Saturday, August 25, 2007

TiReD!!!!!!

Finally, my last training at Stadium Matsushita had over.....Yesterday....Friday is the last day. There were many things happened during this week......

Since is holiday, sure got people go vacation, go working......then they will absent for the training....This is the cause.Because many people didn't go for the training, those that present get scolded by coaches there.This incident cause the next day...only a quarter of student ( means 33 out of 120) attend.This make coaches angry....cos the formation is totally........FAILURE!!!!Look at the Malaysian flag.....a big hole on the second strip.....the Penisular Malaysia.....more worst.....33 people is not enough to make the border line of Pahang.....Then we suppose to train till 4 o clock but we 'ponteng' home at 12.00 o clock.......All this have damage our school's image......Pity my school principal......

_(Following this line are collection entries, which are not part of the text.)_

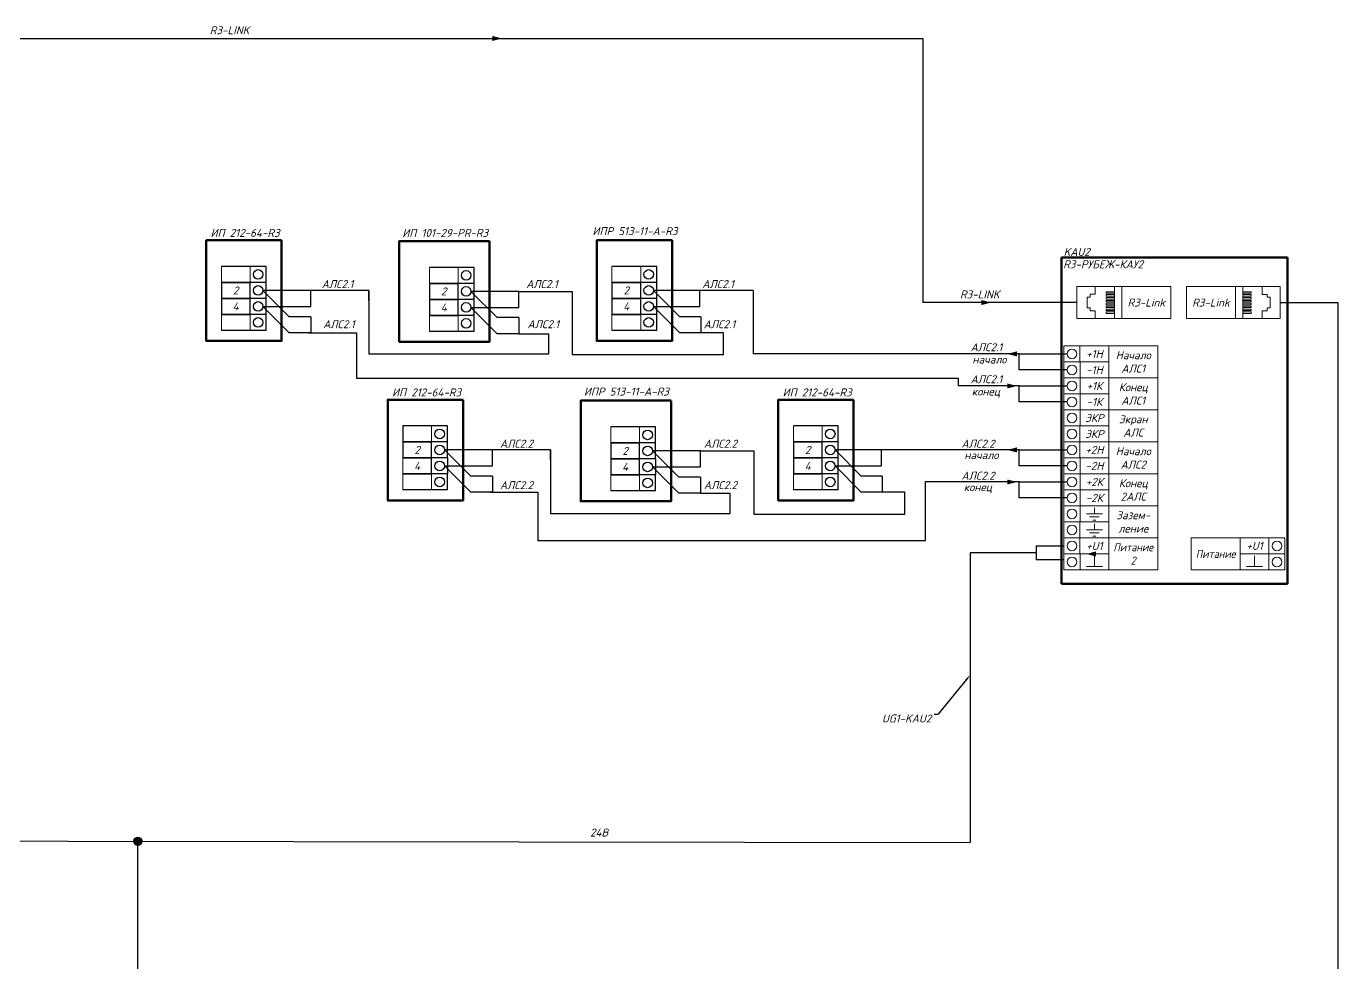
# Model space of a CAD drawing. Header units: millimetres. Extents: x -352922 to 707789, y -273589 to 355472.
# Drawn here: x 666815 to 707789, y -172022 to -142758 of the extents above; entities that cross this region are included whole.
import ezdxf
from ezdxf import colors
from ezdxf.entities.mleader import LeaderData, LeaderLine
from ezdxf.enums import TextEntityAlignment as Align
from ezdxf.math import Vec2, Vec3

# ---------------------------------------------------------------- set-up
doc = ezdxf.new("R2010")
doc.units = ezdxf.units.MM
doc.header["$LTSCALE"] = 0.5
doc.linetypes.add('CONTI', pattern=[0])
doc.layers.get('0').update_dxf_attribs({"lineweight": 18})
doc.layers.add('00_RS485', color=30, linetype='Continuous')
doc.layers.add('_ПС', color=1, linetype='Continuous')
for name, color, linetype, lineweight in [('13 СС_СОТС линии', 5, 'Continuous', 25), ('13_text', 250, 'Continuous', 15), ('Схемы подключ', 7, 'Continuous', 15)]:
    doc.layers.add(name, color=color, linetype=linetype, lineweight=lineweight)
doc.styles.add('ISOCPEUR', font='isocpeui.ttf', dxfattribs={"height": 250})
doc.linetypes.add('ограждение1', pattern='A,0.25,-0.1,[133,ltypeshp.shx,S=0.1,R=0,X=-0.1,Y=0],-0.1,1', length=1.45)

# ---------------------------------------------------------------- blocks, each defined once
blk = doc.blocks.new('разьем')
for p, q in [((0, -1000), (0, 0)), ((-753, -332), (-854, -332)), ((-854, -668), (-854, -333)), ((-600, -242), (-753, -242)), ((-753, -242), (-753, -332)), ((-600, 0), (-600, -242)), ((-254, -210), (-254, -163)), ((0, -163), (-254, -163)), ((0, -210), (-254, -210)), ((-254, -299), (-254, -253)), ((0, -253), (-254, -253)), ((0, -299), (-254, -299)), ((-254, -389), (-254, -343)), ((0, -343), (-254, -343)), ((0, -389), (-254, -389)), ((-753, -668), (-854, -668)), ((-753, -758), (-753, -668)), ((-600, -758), (-753, -758)), ((-600, -1000), (-600, -758)), ((-254, -479), (-254, -432)), ((0, -432), (-254, -432)), ((0, -479), (-254, -479)), ((-254, -568), (-254, -522)), ((0, -522), (-254, -522)), ((0, -568), (-254, -568)), ((-254, -658), (-254, -612)), ((0, -612), (-254, -612)), ((0, -658), (-254, -658)), ((-254, -748), (-254, -701)), ((0, -701), (-254, -701)), ((0, -748), (-254, -748)), ((-254, -838), (-254, -791)), ((0, -791), (-254, -791)), ((0, -838), (-254, -838))]:
    blk.add_line(p, q)

msp = doc.modelspace()

# ---------------------------------------------------------------- hatches: boundary and pattern name
at = {"layer": '_ПС', "linetype": 'CONTI', "lineweight": 18, "ltscale": 150, "transparency": 33554687}
h = msp.add_hatch(color=84, dxfattribs=at)
h.dxf.hatch_style = 1
edge = h.paths.add_edge_path()
edge.add_ellipse((670299.3101, -168225.12101), major_axis=(-135.69929, 0), ratio=0.9815121989, start_angle=0, end_angle=360)

# ---------------------------------------------------------------- linework, layer by layer
at = {"lineweight": 50, "transparency": 33554687}
msp.add_line((699155.01253, -149986.98662), (699155.01253, -160179.13094), dxfattribs=at)
at = {"transparency": 33554687}
for p, q in [((702572.08371, -150893.37628), (699641.62159, -150893.37628)), ((699641.62159, -151893.37628), (699641.62159, -150893.37628)), ((701042.55715, -151893.37628), (701042.55715, -150893.37628)), ((704592.70538, -150893.67653), (703063.37517, -150893.97672)), ((704766.08612, -150893.67653), (705425.65234, -150893.67653)), ((699641.62159, -151893.10129), (702571.88736, -151893.67647)), ((700869.17641, -151893.37628), (700209.61019, -151893.37628)), ((700637.3821, -153747.23241), (702165.03843, -153747.2656)), ((700637.31692, -156747.23241), (702164.97325, -156747.2656)), ((700637.31766, -157747.23241), (702164.95152, -157747.2656)), ((704738.72768, -159747.29053), (703210.7447, -159747.32373))]:
    msp.add_line(p, q, dxfattribs=at)
at = {"lineweight": 50, "transparency": 33554687}
for points in [[(699155.01253, -149986.98662), (706221.27326, -149986.98662)], [(706221.27326, -149986.98662), (706221.27326, -160179.13094)], [(706220.40049, -160179.13094), (699155.01253, -160179.13094)]]:
    msp.add_lwpolyline(points, dxfattribs=at)
at = {"transparency": 33554687}
for points in [[(702572.08371, -150893.37628), (702571.88742, -151893.37628)], [(703063.37511, -150893.67653), (703063.5714, -151893.67653)], [(704591.37724, -151893.67653), (703063.56734, -151893.67653)], [(705492.3128, -151893.67653), (704591.37724, -151893.67653)], [(705993.64093, -151893.67653), (705492.3128, -151893.67653)], [(699736.11841, -152747.23241), (699236.18581, -152747.23241)], [(699236.18581, -153247.23607), (699236.18581, -152747.23241)], [(699737.64284, -152747.23241), (699236.3147, -152747.23241)], [(699736.11841, -152747.23241), (700637.05397, -152747.23241)], [(699736.3147, -152747.23241), (699736.3147, -153247.23241)], [(700637.05397, -152747.23241), (702165.06016, -152747.23241)], [(700637.05397, -152747.23241), (700637.05397, -153247.23241)], [(700637.25026, -152747.23241), (701837.70728, -152747.23241)], [(702165.06016, -152747.23241), (702164.92979, -159747.27806)], [(699736.25026, -153247.23241), (699236.18581, -153247.23241)], [(699236.18581, -153747.23241), (699236.18581, -153247.23607)], [(699236.3147, -153247.23241), (699736.3147, -153247.23241)], [(699236.44655, -153247.23241), (699736.44655, -153247.23241)], [(699736.25026, -153247.23241), (700637.18581, -153247.23241)], [(699736.3147, -153247.23241), (700637.05397, -153247.23241)], [(699736.44655, -153247.23241), (699736.44655, -153747.23241)], [(699736.44655, -153247.23241), (700637.3821, -153247.23241)], [(700637.18581, -153247.23241), (700637.18581, -153747.23241)], [(699236.18581, -154247.23641), (699236.18581, -153747.23241)], [(699736.25026, -153747.23241), (699236.18581, -153747.23241)], [(699236.44655, -153747.23241), (699736.44655, -153747.23241)], [(699736.25026, -153747.23241), (700637.18581, -153747.23241)], [(699736.44655, -153747.23241), (700637.18581, -153747.23241)], [(699736.44655, -153747.23241), (699736.44655, -154247.23241)], [(699736.44655, -153747.23241), (700637.3821, -153747.23241)], [(700637.18581, -153747.23241), (700637.18581, -154247.23241)], [(699236.16944, -154747.23241), (699236.18581, -154247.23641)], [(699736.25026, -154247.23241), (699236.18581, -154247.23241)], [(699236.44655, -154247.23241), (699736.44655, -154247.23241)], [(699736.25026, -154247.23241), (700637.18581, -154247.23241)], [(699736.44655, -154247.23241), (700637.18581, -154247.23241)], [(699736.44655, -154247.23241), (699736.44655, -154747.23241)], [(699736.44655, -154247.23241), (700637.3821, -154247.23241)], [(700637.18581, -154247.23241), (700637.18581, -154747.23241)], [(699236.18581, -155247.23341), (699236.18581, -154747.23241)], [(699736.25026, -154747.23241), (699236.18581, -154747.23241)], [(699236.44655, -154747.23241), (699736.44655, -154747.23241)], [(699736.25026, -154747.23241), (700637.18581, -154747.23241)], [(699736.44655, -154747.23241), (700637.18581, -154747.23241)], [(699736.44655, -154747.23241), (699736.44655, -155247.23241)], [(699736.44655, -154747.23241), (702165.0167, -154747.26255)], [(700637.18581, -154747.23241), (700637.18581, -155247.23241)], [(699236.18581, -155247.23241), (699736.44655, -155247.23241)], [(699736.25026, -155247.23241), (699236.18581, -155247.23241)], [(699236.18581, -155747.23241), (699236.18581, -155247.23341)], [(699736.25026, -155247.23241), (700636.98952, -155247.23241)], [(699736.25026, -155247.23241), (699736.25026, -155747.23241)], [(699736.44655, -155247.23241), (700637.18581, -155247.23241)], [(700636.98952, -155247.23241), (700636.98952, -155747.23241)], [(699236.18581, -156247.23241), (699236.18581, -155747.23241)], [(699736.05397, -155747.23241), (699236.18581, -155747.23241)], [(699236.25026, -155747.23241), (699736.25026, -155747.23241)], [(699736.05397, -155747.23241), (702164.99498, -155747.23241)], [(699736.25026, -155747.23241), (700636.98952, -155747.23241)], [(699736.25026, -155747.23241), (699736.25026, -156247.23241)], [(699736.25026, -155747.23241), (700637.18581, -155747.23241)], [(700636.98952, -155747.23241), (700636.98952, -156247.23241)], [(699736.18581, -156247.23241), (699236.18581, -156247.23241)], [(699236.18581, -156747.23241), (699236.18581, -156247.23241)], [(699736.25026, -156247.23241), (699236.25026, -156247.23241)], [(699236.3821, -156247.23241), (699736.3821, -156247.23241)], [(699736.18581, -156247.23241), (700637.12137, -156247.23241)], [(699736.25026, -156247.23241), (700636.98952, -156247.23241)], [(699736.3821, -156247.23241), (700637.31766, -156247.23241)], [(699736.3821, -156247.23241), (699736.3821, -156747.23241)], [(700637.12137, -156247.23241), (700637.12137, -156747.23241)], [(699736.18581, -156747.23241), (699236.18581, -156747.23241)], [(699236.18581, -157247.23241), (699236.18581, -156747.23241)], [(699736.3821, -156747.23241), (699236.3821, -156747.23241)], [(699736.18581, -156747.23241), (700637.12137, -156747.23241)], [(699736.3821, -156747.23241), (700637.31766, -156747.23241)], [(699736.3821, -156747.23241), (699736.3821, -157247.23241)], [(699736.3821, -156747.23241), (700637.12137, -156747.23241)], [(700637.12137, -156747.23241), (700637.12137, -157247.23241)], [(699236.18581, -157747.23241), (699236.18581, -157247.23241)], [(699236.3821, -157247.23241), (699736.3821, -157247.23241)], [(699736.3821, -157247.23241), (700637.12137, -157247.23241)], [(699736.3821, -157247.23241), (699736.3821, -157747.23241)], [(699736.3821, -157247.23241), (700637.31766, -157247.23241)], [(700637.12137, -157247.23241), (700637.12137, -157747.23241)], [(699236.3821, -158247.23241), (699236.18581, -157747.23241)], [(699236.3821, -157747.23241), (699736.3821, -157747.23241)], [(699736.3821, -157747.23241), (700637.12137, -157747.23241)], [(699736.3821, -157747.23241), (699736.3821, -158247.23241)], [(700637.12137, -157747.23241), (700637.12137, -158247.23241)], [(700436.17554, -157991.39046), (699936.17554, -157991.39046)], [(700336.17554, -158091.39046), (700036.17554, -158091.39046)], [(700186.17554, -157991.39046), (700186.17554, -157804.39046)], [(699736.18581, -158247.23241), (699236.18581, -158247.23241)], [(699236.18581, -158747.23241), (699236.18581, -158247.23241)], [(699736.18581, -158247.23241), (700636.92508, -158247.23241)], [(699736.18581, -158247.23241), (699736.18581, -158747.23241)], [(700436.17554, -158491.39046), (699936.17554, -158491.39046)], [(700236.17554, -158191.39046), (700136.17554, -158191.39046)], [(700186.17554, -158491.39046), (700186.17554, -158304.39046)], [(700636.92508, -158247.23241), (700636.92508, -158747.23241)], [(699236.18581, -158747.23241), (699736.18581, -158747.23241)], [(699236.25026, -159247.23241), (699236.18581, -158747.23241)], [(699236.25026, -158747.23241), (699736.25026, -158747.23241)], [(699736.18581, -158747.23241), (700636.92508, -158747.23241)], [(699736.25026, -158747.23241), (699736.25026, -159247.23241)], [(700336.17554, -158591.39046), (700036.17554, -158591.39046)], [(700236.17554, -158691.39046), (700136.17554, -158691.39046)], [(700636.92508, -158747.27806), (702164.92979, -158747.27806)], [(700636.98952, -158747.23241), (700636.98952, -159247.23241)], [(704738.72768, -158747.29053), (703210.72297, -158747.29053)], [(703211.07284, -158747.32373), (703211.07284, -159247.32373)], [(704738.66324, -158747.24487), (704738.66324, -159247.24487)], [(705639.46695, -158747.24487), (704738.72768, -158747.24487)], [(705639.40251, -158747.24487), (705639.40251, -159247.24487)], [(706139.40251, -158747.24487), (705639.40251, -158747.24487)], [(706139.46695, -158747.24487), (705639.46695, -158747.24487)], [(706139.40251, -159247.24487), (706139.46695, -158747.24487)], [(699736.25026, -159247.23241), (699236.25026, -159247.23241)], [(699236.3821, -159747.23241), (699236.3821, -159247.23241)], [(699736.25026, -159247.23241), (700636.98952, -159247.23241)], [(699736.3821, -159247.23241), (699736.3821, -159747.23241)], [(700186.1198, -159639.08548), (700186.17554, -159304.39046)], [(700637.12137, -159247.23241), (700637.12137, -159747.23241)], [(703210.94099, -159247.32373), (703210.94099, -159747.32373)], [(704738.53139, -159247.24487), (704738.53139, -159747.24487)], [(705639.40251, -159247.24487), (704738.66324, -159247.24487)], [(705189.53296, -159639.09795), (705189.47723, -159304.40292)], [(705639.27066, -159247.24487), (705639.27066, -159747.24487)], [(705639.40251, -159247.24487), (706139.40251, -159247.24487)], [(706139.27066, -159747.24487), (706139.27066, -159247.24487)], [(699236.25026, -159747.23241), (699736.25026, -159747.23241)], [(699736.18581, -159747.23241), (700636.92508, -159747.23241)], [(700436.1198, -159639.08548), (699936.1198, -159639.08548)], [(700636.92508, -159747.27806), (702164.92979, -159747.27806)], [(705639.27066, -159747.24487), (704738.3351, -159747.24487)], [(704939.53296, -159639.09795), (705439.53296, -159639.09795)], [(705639.46695, -159747.24487), (706139.27066, -159747.24487)]]:
    msp.add_lwpolyline(points, dxfattribs=at)
msp.add_lwpolyline([(705993.64093, -150893.67653), (704592.70538, -150893.67653), (704592.70538, -151893.67653), (705993.64093, -151893.67653)], close=True, dxfattribs=at)
for points in [[(699336.3147, -152997.23241, 1), (699636.3147, -152997.23241, 1)], [(699336.44655, -153497.23241, 1), (699636.44655, -153497.23241, 1)], [(699336.44655, -153997.23241, 1), (699636.44655, -153997.23241, 1)], [(699336.44655, -154497.23241, 1), (699636.44655, -154497.23241, 1)], [(699336.44655, -154997.23241, 1), (699636.44655, -154997.23241, 1)], [(699336.25026, -155497.23241, 1), (699636.25026, -155497.23241, 1)], [(699336.25026, -155997.23241, 1), (699636.25026, -155997.23241, 1)], [(699336.3821, -156497.23241, 1), (699636.3821, -156497.23241, 1)], [(699336.3821, -156997.23241, 1), (699636.3821, -156997.23241, 1)], [(699336.3821, -157497.23241, 1), (699636.3821, -157497.23241, 1)], [(699336.3821, -157997.23241, 1), (699636.3821, -157997.23241, 1)], [(699336.18581, -158497.23241, 1), (699636.18581, -158497.23241, 1)], [(699336.25026, -158997.23241, 1), (699636.25026, -158997.23241, 1)], [(706039.40251, -158997.24487, -1), (705739.40251, -158997.24487, -1)], [(699336.3821, -159497.23241, 1), (699636.3821, -159497.23241, 1)], [(706039.27066, -159497.24487, -1), (705739.27066, -159497.24487, -1)]]:
    msp.add_lwpolyline(points, format="xyb", close=True, dxfattribs=at)
at = {"transparency": 33554687, "extrusion": (0, 0, -1)}
for points in [[(-681377.69943, -143061.18409), (-681677.46702, -143140.29057), (-681377.69943, -143219.39705)], [(-696659.07143, -151312.96367), (-696958.83902, -151392.07014), (-696659.07143, -151471.17662)], [(-697762.88223, -153076.33889), (-697463.11465, -152997.23241), (-697762.88223, -152918.12593)], [(-697763.16321, -153076.33889), (-697463.39562, -152997.23241), (-697763.16321, -152918.12593)], [(-697463.24649, -153919.43207), (-697763.01408, -153998.53855), (-697463.24649, -154077.64502)], [(-697463.52747, -153919.43207), (-697763.29506, -153998.53855), (-697463.52747, -154077.64502)], [(-697762.81705, -156076.33888), (-697463.04946, -155997.2324), (-697762.81705, -155918.12593)], [(-697763.09803, -156076.33888), (-697463.33044, -155997.2324), (-697763.09803, -155918.12593)], [(-697463.18131, -156919.43206), (-697762.9489, -156998.53854), (-697463.18131, -157077.64502)], [(-697463.46229, -156919.43206), (-697763.22987, -156998.53854), (-697463.46229, -157077.64502)], [(-700235.21821, -159326.35135), (-699935.45063, -159247.24487), (-700235.21821, -159168.1384)], [(-700235.21821, -159326.35135), (-699935.45063, -159247.24487), (-700235.21821, -159168.1384)]]:
    msp.add_solid(points, dxfattribs=at)
at = {"layer": '00_RS485', "linetype": 'ограждение1', "lineweight": 25, "ltscale": 7, "transparency": 33554559}
for points in [[(652930.78281, -147243.34465), (652930.78281, -143140.29057), (694824.61002, -143140.29057), (694824.61002, -151392.07014)], [(699641.62159, -151392.07014), (694824.61002, -151392.07014)], [(705993.64093, -151393.67653), (707789.31102, -151393.67653), (707789.31102, -182449.56057), (707012.22626, -182449.56057)]]:
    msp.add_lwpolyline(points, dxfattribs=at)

Summore we have to learn all dancing steps. Stupid them, teach us at the last minute.....Plus those that didn't attend, dunno wat to do on Monday????On Friday, we have a last rehearsal at Stadium Matsushita.All the formation is totally failure......And on Monday, we have to go Dataran Merdeka for another rehearsal.....for three days. Then we are not trained by coaches but by army.*.*Just can't imagine , what will happen on Monday??Some get scolded by coaches also cannot stand ed.....summore if it is army.All Kwang Huarians sure will die!!!!Haizz.....have to wake up early in the morning.....early for an hour compared to usual school days.....tired =.=

Juz feel that I have know some new friends there.....some from same school and some from others.I finally know that Malaysian can live together although races are different.I knew some new friends from other classes too.Actually there are kind and friendly although they are from other classes which are not so good......:)

That's all for this, i will post if i have time.......:]

Saturday, August 18, 2007

August Holiday......

Finally...today is the day.....What day??? August school holiday!!!!!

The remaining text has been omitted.